Record set START
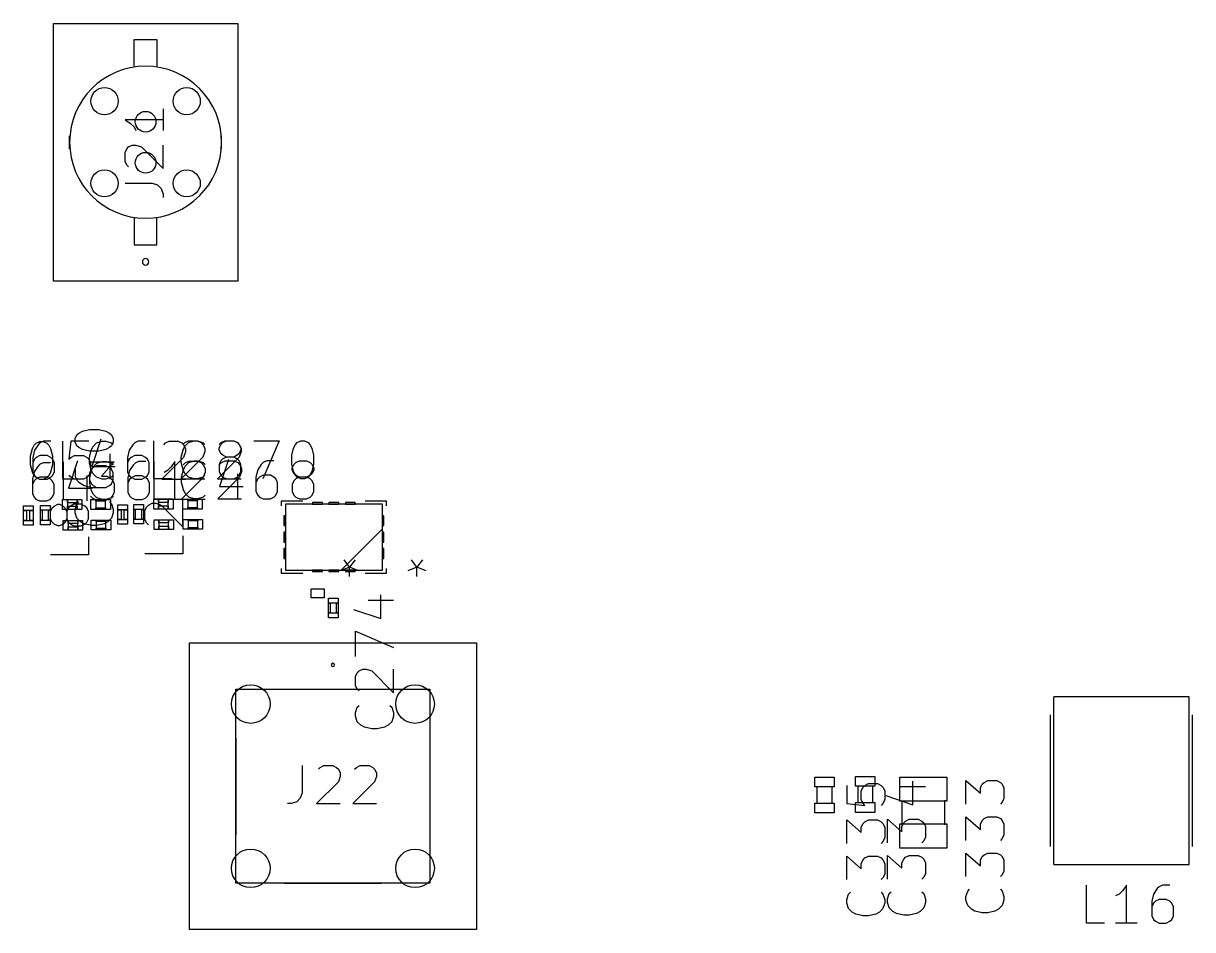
# Model space of a CAD drawing. Header units: millimetres. Extents: x -1 to 260, y -56 to 300.
# Drawn here: x 73.16 to 109.31, y 132.41 to 160.44 of the extents above; entities that cross this region are included whole.
import ezdxf

# ---------------------------------------------------------------- set-up
doc = ezdxf.new("R2010")
doc.units = ezdxf.units.MM
for name, color, linetype, true_color in [('Edge.Cuts', 254, 'CONTINUOUS', 0xd0d2cd), ('F.Fab', 9, 'CONTINUOUS', 0xafafaf), ('F.Silkscreen', 41, 'CONTINUOUS', 0xf2eda1)]:
    doc.layers.add(name, color=color, linetype=linetype, true_color=true_color)

msp = doc.modelspace()

# ---------------------------------------------------------------- linework, layer by layer
at = {"layer": 'Edge.Cuts'}
for centre, radius in [((75.67, 158.031231), 0.42), ((78.21, 158.031231), 0.42), ((76.94, 157.396231), 0.32), ((76.94, 156.126231), 0.32), ((75.67, 155.491231), 0.42), ((78.21, 155.491231), 0.42), ((80.19, 139.39), 0.5969), ((85.27, 139.39), 0.5969), ((80.19, 134.31), 0.5969), ((85.27, 134.31), 0.5969)]:
    msp.add_circle(centre, radius, dxfattribs=at)
at = {"layer": 'F.Fab', "linetype": 'CONTINUOUS'}
for p, q in [((74.09, 160.436231), (79.79, 160.436231)), ((74.09, 152.461231), (74.09, 160.436231)), ((79.79, 160.436231), (79.79, 152.461231)), ((76.59, 159.936231), (77.29, 159.936231)), ((76.59, 159.111231), (76.59, 159.936231)), ((77.29, 159.936231), (77.29, 159.111231)), ((76.59, 154.411231), (76.59, 153.586231)), ((77.29, 153.586231), (77.29, 154.411231)), ((76.59, 153.586231), (77.29, 153.586231)), ((79.79, 152.461231), (74.09, 152.461231)), ((74.37, 145.41), (74.37, 145.71)), ((74.37, 145.71), (74.52, 145.71)), ((74.52, 145.71), (74.52, 145.41)), ((74.52, 145.61), (74.52, 145.71)), ((74.52, 145.71), (74.82, 145.71)), ((74.82, 145.71), (74.82, 145.61)), ((74.82, 145.41), (74.82, 145.71)), ((74.82, 145.71), (74.97, 145.71)), ((74.97, 145.71), (74.97, 145.41)), ((75.25, 145.41), (75.25, 145.71)), ((75.25, 145.71), (75.4, 145.71)), ((75.4, 145.71), (75.4, 145.41)), ((75.4, 145.66), (75.4, 145.71)), ((75.4, 145.71), (75.7, 145.71)), ((75.7, 145.71), (75.7, 145.66)), ((75.7, 145.41), (75.7, 145.71)), ((75.7, 145.71), (75.85, 145.71)), ((75.85, 145.71), (75.85, 145.41)), ((77.19, 145.42), (77.19, 145.72)), ((77.19, 145.72), (77.34, 145.72)), ((77.34, 145.72), (77.34, 145.42)), ((77.34, 145.62), (77.34, 145.72)), ((77.34, 145.72), (77.64, 145.72)), ((77.64, 145.72), (77.64, 145.62)), ((77.64, 145.42), (77.64, 145.72)), ((77.64, 145.72), (77.79, 145.72)), ((77.79, 145.72), (77.79, 145.42)), ((78.09, 145.42), (78.09, 145.72)), ((78.09, 145.72), (78.24, 145.72)), ((78.24, 145.72), (78.24, 145.42)), ((78.24, 145.67), (78.24, 145.72)), ((78.24, 145.72), (78.54, 145.72)), ((78.54, 145.72), (78.54, 145.67)), ((78.54, 145.42), (78.54, 145.72)), ((78.54, 145.72), (78.69, 145.72)), ((78.69, 145.72), (78.69, 145.42)), ((73.16, 145.37), (73.16, 145.52)), ((73.16, 145.52), (73.46, 145.52)), ((73.46, 145.37), (73.16, 145.37)), ((73.16, 145.07), (73.16, 145.37)), ((73.16, 145.37), (73.26, 145.37)), ((73.26, 145.37), (73.26, 145.07)), ((73.36, 145.07), (73.36, 145.37)), ((73.36, 145.37), (73.46, 145.37)), ((73.46, 145.52), (73.46, 145.37)), ((73.46, 145.37), (73.46, 145.07)), ((73.69, 145.38), (73.69, 145.53)), ((73.69, 145.53), (73.99, 145.53)), ((73.69, 145.08), (73.69, 145.38)), ((73.69, 145.38), (73.74, 145.38)), ((73.99, 145.38), (73.69, 145.38)), ((73.74, 145.38), (73.74, 145.08)), ((73.94, 145.08), (73.94, 145.38)), ((73.94, 145.38), (73.99, 145.38)), ((73.99, 145.53), (73.99, 145.38)), ((73.99, 145.38), (73.99, 145.08)), ((74.52, 145.41), (74.37, 145.41)), ((74.82, 145.61), (74.52, 145.61)), ((74.52, 145.41), (74.52, 145.51)), ((74.52, 145.51), (74.82, 145.51)), ((74.82, 145.41), (74.52, 145.41)), ((74.82, 145.51), (74.82, 145.41)), ((74.97, 145.41), (74.82, 145.41)), ((75.4, 145.41), (75.25, 145.41)), ((75.7, 145.66), (75.4, 145.66)), ((75.4, 145.41), (75.4, 145.46)), ((75.4, 145.46), (75.7, 145.46)), ((75.7, 145.41), (75.4, 145.41)), ((75.7, 145.46), (75.7, 145.41)), ((75.85, 145.41), (75.7, 145.41)), ((76.08, 145.4), (76.08, 145.55)), ((76.08, 145.55), (76.38, 145.55)), ((76.38, 145.4), (76.08, 145.4)), ((76.08, 145.1), (76.08, 145.4)), ((76.08, 145.4), (76.18, 145.4)), ((76.18, 145.4), (76.18, 145.1)), ((76.28, 145.1), (76.28, 145.4)), ((76.28, 145.4), (76.38, 145.4)), ((76.38, 145.55), (76.38, 145.4)), ((76.38, 145.4), (76.38, 145.1)), ((76.57, 145.41), (76.57, 145.56)), ((76.57, 145.56), (76.87, 145.56)), ((76.57, 145.11), (76.57, 145.41)), ((76.57, 145.41), (76.62, 145.41)), ((76.87, 145.41), (76.57, 145.41)), ((76.62, 145.41), (76.62, 145.11)), ((76.82, 145.11), (76.82, 145.41)), ((76.82, 145.41), (76.87, 145.41)), ((76.87, 145.56), (76.87, 145.41)), ((76.87, 145.41), (76.87, 145.11)), ((77.34, 145.42), (77.19, 145.42)), ((77.64, 145.62), (77.34, 145.62)), ((77.34, 145.42), (77.34, 145.52)), ((77.34, 145.52), (77.64, 145.52)), ((77.64, 145.42), (77.34, 145.42)), ((77.64, 145.52), (77.64, 145.42)), ((77.79, 145.42), (77.64, 145.42)), ((78.24, 145.42), (78.09, 145.42)), ((78.54, 145.67), (78.24, 145.67)), ((78.24, 145.42), (78.24, 145.47)), ((78.24, 145.47), (78.54, 145.47)), ((78.54, 145.42), (78.24, 145.42)), ((78.54, 145.47), (78.54, 145.42)), ((78.69, 145.42), (78.54, 145.42)), ((81.2614, 145.566), (81.2614, 143.534)), ((84.2586, 145.566), (81.2614, 145.566)), ((82.0996, 145.6168), (82.0996, 145.566)), ((82.4044, 145.6168), (82.0996, 145.6168)), ((82.0996, 145.566), (82.4044, 145.566)), ((82.4044, 145.566), (82.4044, 145.6168)), ((82.6076, 145.6168), (82.6076, 145.566)), ((82.9124, 145.6168), (82.6076, 145.6168)), ((82.6076, 145.566), (82.9124, 145.566)), ((82.9124, 145.566), (82.9124, 145.6168)), ((83.1156, 145.6168), (83.1156, 145.566)), ((83.4204, 145.6168), (83.1156, 145.6168)), ((83.1156, 145.566), (83.4204, 145.566)), ((83.4204, 145.566), (83.4204, 145.6168)), ((84.2586, 143.534), (84.2586, 145.566)), ((73.26, 145.07), (73.16, 145.07)), ((73.16, 144.92), (73.16, 145.07)), ((73.16, 145.07), (73.46, 145.07)), ((73.46, 145.07), (73.36, 145.07)), ((73.46, 145.07), (73.46, 144.92)), ((73.74, 145.08), (73.69, 145.08)), ((73.69, 144.93), (73.69, 145.08)), ((73.69, 145.08), (73.99, 145.08)), ((73.99, 145.08), (73.94, 145.08)), ((73.99, 145.08), (73.99, 144.93)), ((74.39, 144.77), (74.39, 145.07)), ((74.39, 145.07), (74.54, 145.07)), ((74.54, 145.07), (74.54, 144.77)), ((74.54, 144.97), (74.54, 145.07)), ((74.54, 145.07), (74.84, 145.07)), ((74.84, 144.97), (74.54, 144.97)), ((74.84, 145.07), (74.84, 144.97)), ((74.84, 144.77), (74.84, 145.07)), ((74.84, 145.07), (74.99, 145.07)), ((74.99, 145.07), (74.99, 144.77)), ((75.26, 144.78), (75.26, 145.08)), ((75.26, 145.08), (75.41, 145.08)), ((75.41, 145.08), (75.41, 144.78)), ((75.41, 145.03), (75.41, 145.08)), ((75.41, 145.08), (75.71, 145.08)), ((75.71, 145.03), (75.41, 145.03)), ((75.71, 145.08), (75.71, 145.03)), ((75.71, 144.78), (75.71, 145.08)), ((75.71, 145.08), (75.86, 145.08)), ((75.86, 145.08), (75.86, 144.78)), ((76.18, 145.1), (76.08, 145.1)), ((76.08, 144.95), (76.08, 145.1)), ((76.08, 145.1), (76.38, 145.1)), ((76.38, 145.1), (76.28, 145.1)), ((76.38, 145.1), (76.38, 144.95)), ((76.62, 145.11), (76.57, 145.11)), ((76.57, 144.96), (76.57, 145.11)), ((76.57, 145.11), (76.87, 145.11)), ((76.87, 145.11), (76.82, 145.11)), ((76.87, 145.11), (76.87, 144.96)), ((77.2, 144.79), (77.2, 145.09)), ((77.2, 145.09), (77.35, 145.09)), ((77.35, 145.09), (77.35, 144.79)), ((77.35, 144.99), (77.35, 145.09)), ((77.35, 145.09), (77.65, 145.09)), ((77.65, 144.99), (77.35, 144.99)), ((77.65, 145.09), (77.65, 144.99)), ((77.65, 144.79), (77.65, 145.09)), ((77.65, 145.09), (77.8, 145.09)), ((77.8, 145.09), (77.8, 144.79)), ((78.1, 144.8), (78.1, 145.1)), ((78.1, 145.1), (78.25, 145.1)), ((78.25, 145.1), (78.25, 144.8)), ((78.25, 145.05), (78.25, 145.1)), ((78.25, 145.1), (78.55, 145.1)), ((78.55, 145.05), (78.25, 145.05)), ((78.55, 145.1), (78.55, 145.05)), ((78.55, 144.8), (78.55, 145.1)), ((78.55, 145.1), (78.7, 145.1)), ((78.7, 145.1), (78.7, 144.8)), ((81.2106, 145.2104), (81.2106, 144.9056)), ((81.2614, 145.2104), (81.2106, 145.2104)), ((81.2614, 144.9056), (81.2614, 145.2104)), ((84.2586, 145.2104), (84.2586, 144.9056)), ((84.3094, 145.2104), (84.2586, 145.2104)), ((84.3094, 144.9056), (84.3094, 145.2104)), ((73.46, 144.92), (73.16, 144.92)), ((73.99, 144.93), (73.69, 144.93)), ((74.54, 144.77), (74.39, 144.77)), ((74.54, 144.77), (74.54, 144.87)), ((74.54, 144.87), (74.84, 144.87)), ((74.84, 144.77), (74.54, 144.77)), ((74.84, 144.87), (74.84, 144.77)), ((74.99, 144.77), (74.84, 144.77)), ((75.41, 144.78), (75.26, 144.78)), ((75.41, 144.78), (75.41, 144.83)), ((75.41, 144.83), (75.71, 144.83)), ((75.71, 144.78), (75.41, 144.78)), ((75.71, 144.83), (75.71, 144.78)), ((75.86, 144.78), (75.71, 144.78)), ((76.38, 144.95), (76.08, 144.95)), ((76.87, 144.96), (76.57, 144.96)), ((77.35, 144.79), (77.2, 144.79)), ((77.35, 144.79), (77.35, 144.89)), ((77.35, 144.89), (77.65, 144.89)), ((77.65, 144.79), (77.35, 144.79)), ((77.65, 144.89), (77.65, 144.79)), ((77.8, 144.79), (77.65, 144.79)), ((78.25, 144.8), (78.1, 144.8)), ((78.25, 144.8), (78.25, 144.85)), ((78.25, 144.85), (78.55, 144.85)), ((78.55, 144.8), (78.25, 144.8)), ((78.55, 144.85), (78.55, 144.8)), ((78.7, 144.8), (78.55, 144.8)), ((81.2106, 144.9056), (81.2614, 144.9056)), ((81.2106, 144.7024), (81.2106, 144.3976)), ((81.2614, 144.7024), (81.2106, 144.7024)), ((81.2614, 144.3976), (81.2614, 144.7024)), ((84.2586, 144.804), (82.9886, 143.534)), ((84.2586, 144.9056), (84.3094, 144.9056)), ((84.2586, 144.7024), (84.2586, 144.3976)), ((84.3094, 144.7024), (84.2586, 144.7024)), ((84.3094, 144.3976), (84.3094, 144.7024)), ((81.2106, 144.3976), (81.2614, 144.3976)), ((84.2586, 144.3976), (84.3094, 144.3976)), ((81.2106, 144.1944), (81.2106, 143.8896)), ((81.2614, 144.1944), (81.2106, 144.1944)), ((81.2106, 143.8896), (81.2614, 143.8896)), ((81.2614, 143.8896), (81.2614, 144.1944)), ((84.2586, 144.1944), (84.2586, 143.8896)), ((84.3094, 144.1944), (84.2586, 144.1944)), ((84.2586, 143.8896), (84.3094, 143.8896)), ((84.3094, 143.8896), (84.3094, 144.1944)), ((81.2614, 143.534), (84.2586, 143.534)), ((82.0996, 143.534), (82.0996, 143.4832)), ((82.4044, 143.534), (82.0996, 143.534)), ((82.4044, 143.4832), (82.4044, 143.534)), ((82.6076, 143.534), (82.6076, 143.4832)), ((82.9124, 143.534), (82.6076, 143.534)), ((82.9124, 143.4832), (82.9124, 143.534)), ((83.245688, 143.617376), (82.961449, 143.503681)), ((83.245688, 143.617376), (83.075145, 143.844767)), ((83.1156, 143.534), (83.1156, 143.4832)), ((83.4204, 143.534), (83.1156, 143.534)), ((83.41623, 143.844767), (83.245688, 143.617376)), ((83.245688, 143.333138), (83.245688, 143.617376)), ((83.529926, 143.503681), (83.245688, 143.617376)), ((83.4204, 143.4832), (83.4204, 143.534)), ((82.0996, 143.4832), (82.4044, 143.4832)), ((82.6076, 143.4832), (82.9124, 143.4832)), ((83.1156, 143.4832), (83.4204, 143.4832)), ((82.59, 142.51), (82.59, 142.66)), ((82.59, 142.66), (82.89, 142.66)), ((82.89, 142.51), (82.59, 142.51)), ((82.59, 142.21), (82.59, 142.51)), ((82.59, 142.51), (82.64, 142.51)), ((82.64, 142.51), (82.64, 142.21)), ((82.84, 142.21), (82.84, 142.51)), ((82.84, 142.51), (82.89, 142.51)), ((82.89, 142.66), (82.89, 142.51)), ((82.89, 142.51), (82.89, 142.21)), ((82.64, 142.21), (82.59, 142.21)), ((82.59, 142.06), (82.59, 142.21)), ((82.59, 142.21), (82.89, 142.21)), ((82.89, 142.21), (82.84, 142.21)), ((82.89, 142.21), (82.89, 142.06)), ((82.89, 142.06), (82.59, 142.06)), ((78.295, 141.285), (87.165, 141.285)), ((78.295, 132.415), (78.295, 141.285)), ((87.165, 141.285), (87.165, 132.415)), ((79.733, 139.847), (85.727, 139.847)), ((79.733, 133.853), (79.733, 139.847)), ((85.727, 139.847), (85.727, 133.853)), ((105.017, 134.429), (105.017, 139.611)), ((109.208, 139.611), (105.017, 139.611)), ((109.208, 134.429), (109.208, 139.611)), ((104.916, 134.988), (104.916, 139.052)), ((109.31, 134.988), (109.31, 139.052)), ((97.6252, 136.834), (97.6252, 137.134)), ((97.6252, 137.134), (98.2251, 137.134)), ((98.2251, 137.134), (98.2251, 136.834)), ((98.8852, 136.854), (98.8852, 137.154)), ((98.8852, 137.154), (99.4851, 137.154)), ((99.4851, 137.154), (99.4851, 136.854)), ((100.2561, 136.3821), (100.2561, 137.1322)), ((100.2561, 137.1322), (101.7062, 137.1322)), ((101.7062, 137.1322), (101.7062, 136.3821)), ((98.2251, 136.834), (97.6252, 136.834)), ((97.706, 136.335), (97.706, 136.825)), ((98.154, 136.825), (98.154, 136.335)), ((99.4851, 136.854), (98.8852, 136.854)), ((98.966, 136.355), (98.966, 136.845)), ((99.414, 136.845), (99.414, 136.355)), ((97.6252, 136.0212), (97.6252, 136.3212)), ((97.6252, 136.3212), (98.2251, 136.3212)), ((98.2251, 136.3212), (98.2251, 136.0212)), ((98.8852, 136.0412), (98.8852, 136.3412)), ((98.8852, 136.3412), (99.4851, 136.3412)), ((99.4851, 136.3412), (99.4851, 136.0412)), ((101.7062, 136.3821), (100.2561, 136.3821)), ((100.32, 136.396), (100.32, 135.659)), ((101.64, 136.421), (101.64, 135.659)), ((98.2251, 136.0212), (97.6252, 136.0212)), ((99.4851, 136.0412), (98.8852, 136.0412)), ((100.2561, 134.9343), (100.2561, 135.6844)), ((100.2561, 135.6844), (101.7062, 135.6844)), ((101.7062, 135.6844), (101.7062, 134.9343)), ((101.7062, 134.9343), (100.2561, 134.9343)), ((105.017, 134.429), (109.208, 134.429)), ((85.727, 133.853), (79.733, 133.853)), ((87.165, 132.415), (78.295, 132.415))]:
    msp.add_line(p, q, dxfattribs=at)
at = {"layer": 'F.Fab'}
for centre, radius in [((75.67, 158.031231), 0.42), ((78.21, 158.031231), 0.42), ((76.94, 157.396231), 0.32), ((76.94, 156.126231), 0.32), ((75.67, 155.491231), 0.42), ((78.21, 155.491231), 0.42), ((80.19, 139.39), 0.5969), ((85.27, 139.39), 0.5969), ((80.19, 134.31), 0.5969), ((85.27, 134.31), 0.5969)]:
    msp.add_circle(centre, radius, dxfattribs=at)
for start, end in [(-270, -90), (-90, 90)]:
    msp.add_arc((76.94, 156.761231), 2.35, start, end, dxfattribs=at)
at = {"layer": 'F.Silkscreen', "linetype": 'CONTINUOUS'}
for p, q in [((77.479424, 157.792834), (77.479424, 157.120532)), ((77.479424, 157.456683), (76.302896, 157.456683)), ((76.302896, 157.456683), (76.470971, 157.344633)), ((76.470971, 157.344633), (76.583021, 157.232582)), ((74.59, 156.561231), (74.59, 156.961231)), ((76.583021, 157.232582), (76.639047, 157.120532)), ((79.29, 156.561231), (79.29, 156.961231)), ((76.302896, 156.44823), (76.358921, 156.560281)), ((76.358921, 156.560281), (76.414946, 156.616306)), ((76.414946, 156.616306), (76.526996, 156.672331)), ((76.526996, 156.672331), (76.639047, 156.672331)), ((76.639047, 156.672331), (76.807122, 156.616306)), ((76.807122, 156.616306), (77.479424, 155.944004)), ((77.479424, 155.944004), (77.479424, 156.672331)), ((76.302896, 156.168105), (76.302896, 156.44823)), ((76.358921, 156.056054), (76.302896, 156.168105)), ((76.414946, 156.000029), (76.358921, 156.056054)), ((76.302896, 155.495803), (77.143273, 155.495803)), ((77.143273, 155.495803), (77.311348, 155.439778)), ((77.311348, 155.439778), (77.423399, 155.327728)), ((77.423399, 155.327728), (77.479424, 155.159652)), ((77.479424, 155.159652), (77.479424, 155.047602)), ((74.983727, 147.823902), (75.207828, 147.879927)), ((75.207828, 147.879927), (75.487954, 147.879927)), ((75.487954, 147.879927), (75.712054, 147.823902)), ((73.5516, 147.454347), (73.66365, 147.510372)), ((73.66365, 147.510372), (73.7757, 147.510372)), ((73.783273, 147.520372), (73.671223, 147.464347)), ((73.7757, 147.510372), (73.88775, 147.454347)), ((74.007374, 147.520372), (73.783273, 147.520372)), ((74.376619, 146.343844), (74.376619, 147.520372)), ((74.62365, 147.520372), (74.567625, 146.960121)), ((75.183902, 147.520372), (74.62365, 147.520372)), ((74.759627, 147.599801), (74.815652, 147.711851)), ((74.759627, 147.487751), (74.759627, 147.599801)), ((74.815652, 147.711851), (74.871677, 147.767877)), ((74.871677, 147.767877), (74.983727, 147.823902)), ((75.553147, 147.576398), (75.273021, 146.73602)), ((75.424695, 147.464347), (75.59277, 147.520372)), ((75.59277, 147.520372), (75.70482, 147.520372)), ((75.70482, 147.520372), (75.872896, 147.464347)), ((75.712054, 147.823902), (75.824104, 147.767877)), ((75.824104, 147.767877), (75.88013, 147.711851)), ((75.88013, 147.711851), (75.936155, 147.599801)), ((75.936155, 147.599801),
Record set END
- **Try it**: Retype only this portion of the data above: the line containing "# Drawn here: x", the line containing "msp = doc.modelspace()", and all lines between them, exactly.

- **Answer below**:
# Drawn here: x 73.16 to 109.31, y 132.41 to 160.44 of the extents above; entities that cross this region are included whole.
import ezdxf

# ---------------------------------------------------------------- set-up
doc = ezdxf.new("R2010")
doc.units = ezdxf.units.MM
for name, color, linetype, true_color in [('Edge.Cuts', 254, 'CONTINUOUS', 0xd0d2cd), ('F.Fab', 9, 'CONTINUOUS', 0xafafaf), ('F.Silkscreen', 41, 'CONTINUOUS', 0xf2eda1)]:
    doc.layers.add(name, color=color, linetype=linetype, true_color=true_color)

msp = doc.modelspace()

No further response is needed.